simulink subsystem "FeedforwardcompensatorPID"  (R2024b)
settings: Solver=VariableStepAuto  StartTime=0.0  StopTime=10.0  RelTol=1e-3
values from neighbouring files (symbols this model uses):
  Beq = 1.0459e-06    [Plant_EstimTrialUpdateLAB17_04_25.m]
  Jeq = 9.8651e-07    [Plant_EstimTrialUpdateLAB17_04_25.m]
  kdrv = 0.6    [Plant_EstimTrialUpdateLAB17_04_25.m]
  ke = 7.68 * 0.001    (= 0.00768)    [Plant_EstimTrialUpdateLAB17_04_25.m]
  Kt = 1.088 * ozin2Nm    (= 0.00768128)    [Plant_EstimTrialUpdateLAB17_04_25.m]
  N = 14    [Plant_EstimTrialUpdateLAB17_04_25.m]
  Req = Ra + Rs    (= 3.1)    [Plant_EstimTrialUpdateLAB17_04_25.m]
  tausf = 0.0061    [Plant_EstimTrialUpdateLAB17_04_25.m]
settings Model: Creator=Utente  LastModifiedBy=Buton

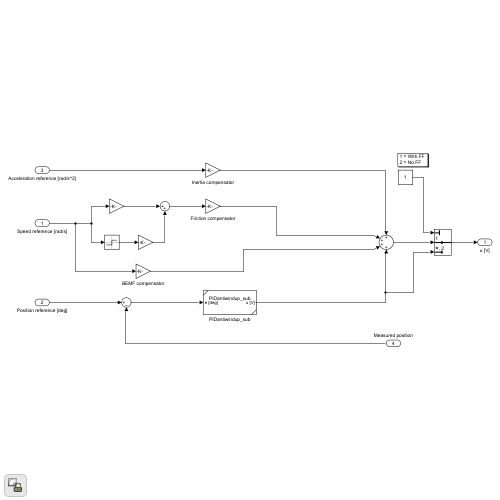
[thumbnail: Simulink's stored preview of the top-level diagram]
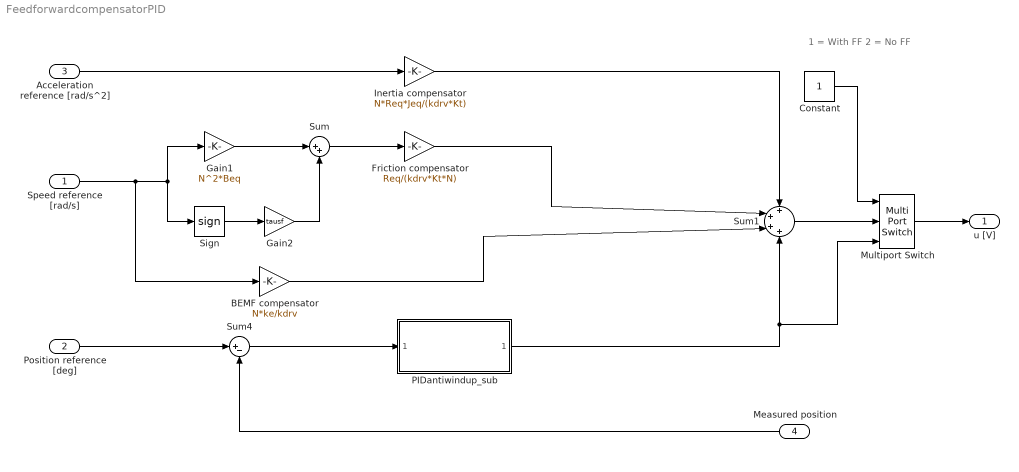
== system FeedforwardcompensatorPID ==
  note: 1 = With FF
      | 2 = No FF
  Speed reference [rad/s] : Inport
  Position reference [deg] : Inport  Port=2
  Acceleration reference [rad/s^2] : Inport  Port=3
  Measured position : Inport  Port=4
  BEMF compensator : Gain  Gain=N*ke/kdrv
  Constant : Constant
  Friction compensator : Gain  Gain=Req/(kdrv*Kt*N)
  Gain1 : Gain  Gain=N^2*Beq
  Gain2 : Gain  Gain=tausf
  Inertia compensator : Gain  Gain=N*Req*Jeq/(kdrv*Kt)
  Multiport Switch : MultiPortSwitch  Inputs=2  SaturateOnIntegerOverflow=off  InputSameDT=off
  PIDantiwindup_sub : Subsystem  ReferencedSubsystem=PIDantiwindup_sub
  Sign : Signum
  Sum : Sum  Inputs=|++
  Sum1 : Sum  Inputs=++++
  Sum4 : Sum  Inputs=|+-
  u [V] : Outport
  wires:
  Sign/1 -> Gain2/1
  Gain2/1 -> Sum/2
  Gain1/1 -> Sum/1
  Sum/1 -> Friction compensator/1
  Speed reference [rad/s]/1 -> BEMF compensator/1, Sign/1, Gain1/1
  Position reference [deg]/1 -> Sum4/1
  Measured position/1 -> Sum4/2
  Sum4/1 -> PIDantiwindup_sub/1
  BEMF compensator/1 -> Sum1/3
  Friction compensator/1 -> Sum1/2
  Inertia compensator/1 -> Sum1/1
  Sum1/1 -> Multiport Switch/2
  PIDantiwindup_sub/1 -> Multiport Switch/3, Sum1/4
  Constant/1 -> Multiport Switch/1
  Multiport Switch/1 -> u [V]/1
  Acceleration reference [rad/s^2]/1 -> Inertia compensator/1
====================
● THE PROBLEM:
Reproduce the data verbatim. Do not carry any picture into the copy.

● TASK RESPONSE:
simulink subsystem "FeedforwardcompensatorPID"  (R2024b)
settings: Solver=VariableStepAuto  StartTime=0.0  StopTime=10.0  RelTol=1e-3
values from neighbouring files (symbols this model uses):
  Beq = 1.0459e-06    [Plant_EstimTrialUpdateLAB17_04_25.m]
  Jeq = 9.8651e-07    [Plant_EstimTrialUpdateLAB17_04_25.m]
  kdrv = 0.6    [Plant_EstimTrialUpdateLAB17_04_25.m]
  ke = 7.68 * 0.001    (= 0.00768)    [Plant_EstimTrialUpdateLAB17_04_25.m]
  Kt = 1.088 * ozin2Nm    (= 0.00768128)    [Plant_EstimTrialUpdateLAB17_04_25.m]
  N = 14    [Plant_EstimTrialUpdateLAB17_04_25.m]
  Req = Ra + Rs    (= 3.1)    [Plant_EstimTrialUpdateLAB17_04_25.m]
  tausf = 0.0061    [Plant_EstimTrialUpdateLAB17_04_25.m]
settings Model: Creator=Utente  LastModifiedBy=Buton

[thumbnail: Simulink's stored preview of the top-level diagram]
== system FeedforwardcompensatorPID ==
  note: 1 = With FF
      | 2 = No FF
  Speed reference [rad/s] : Inport
  Position reference [deg] : Inport  Port=2
  Acceleration reference [rad/s^2] : Inport  Port=3
  Measured position : Inport  Port=4
  BEMF compensator : Gain  Gain=N*ke/kdrv
  Constant : Constant
  Friction compensator : Gain  Gain=Req/(kdrv*Kt*N)
  Gain1 : Gain  Gain=N^2*Beq
  Gain2 : Gain  Gain=tausf
  Inertia compensator : Gain  Gain=N*Req*Jeq/(kdrv*Kt)
  Multiport Switch : MultiPortSwitch  Inputs=2  SaturateOnIntegerOverflow=off  InputSameDT=off
  PIDantiwindup_sub : Subsystem  ReferencedSubsystem=PIDantiwindup_sub
  Sign : Signum
  Sum : Sum  Inputs=|++
  Sum1 : Sum  Inputs=++++
  Sum4 : Sum  Inputs=|+-
  u [V] : Outport
  wires:
  Sign/1 -> Gain2/1
  Gain2/1 -> Sum/2
  Gain1/1 -> Sum/1
  Sum/1 -> Friction compensator/1
  Speed reference [rad/s]/1 -> BEMF compensator/1, Sign/1, Gain1/1
  Position reference [deg]/1 -> Sum4/1
  Measured position/1 -> Sum4/2
  Sum4/1 -> PIDantiwindup_sub/1
  BEMF compensator/1 -> Sum1/3
  Friction compensator/1 -> Sum1/2
  Inertia compensator/1 -> Sum1/1
  Sum1/1 -> Multiport Switch/2
  PIDantiwindup_sub/1 -> Multiport Switch/3, Sum1/4
  Constant/1 -> Multiport Switch/1
  Multiport Switch/1 -> u [V]/1
  Acceleration reference [rad/s^2]/1 -> Inertia compensator/1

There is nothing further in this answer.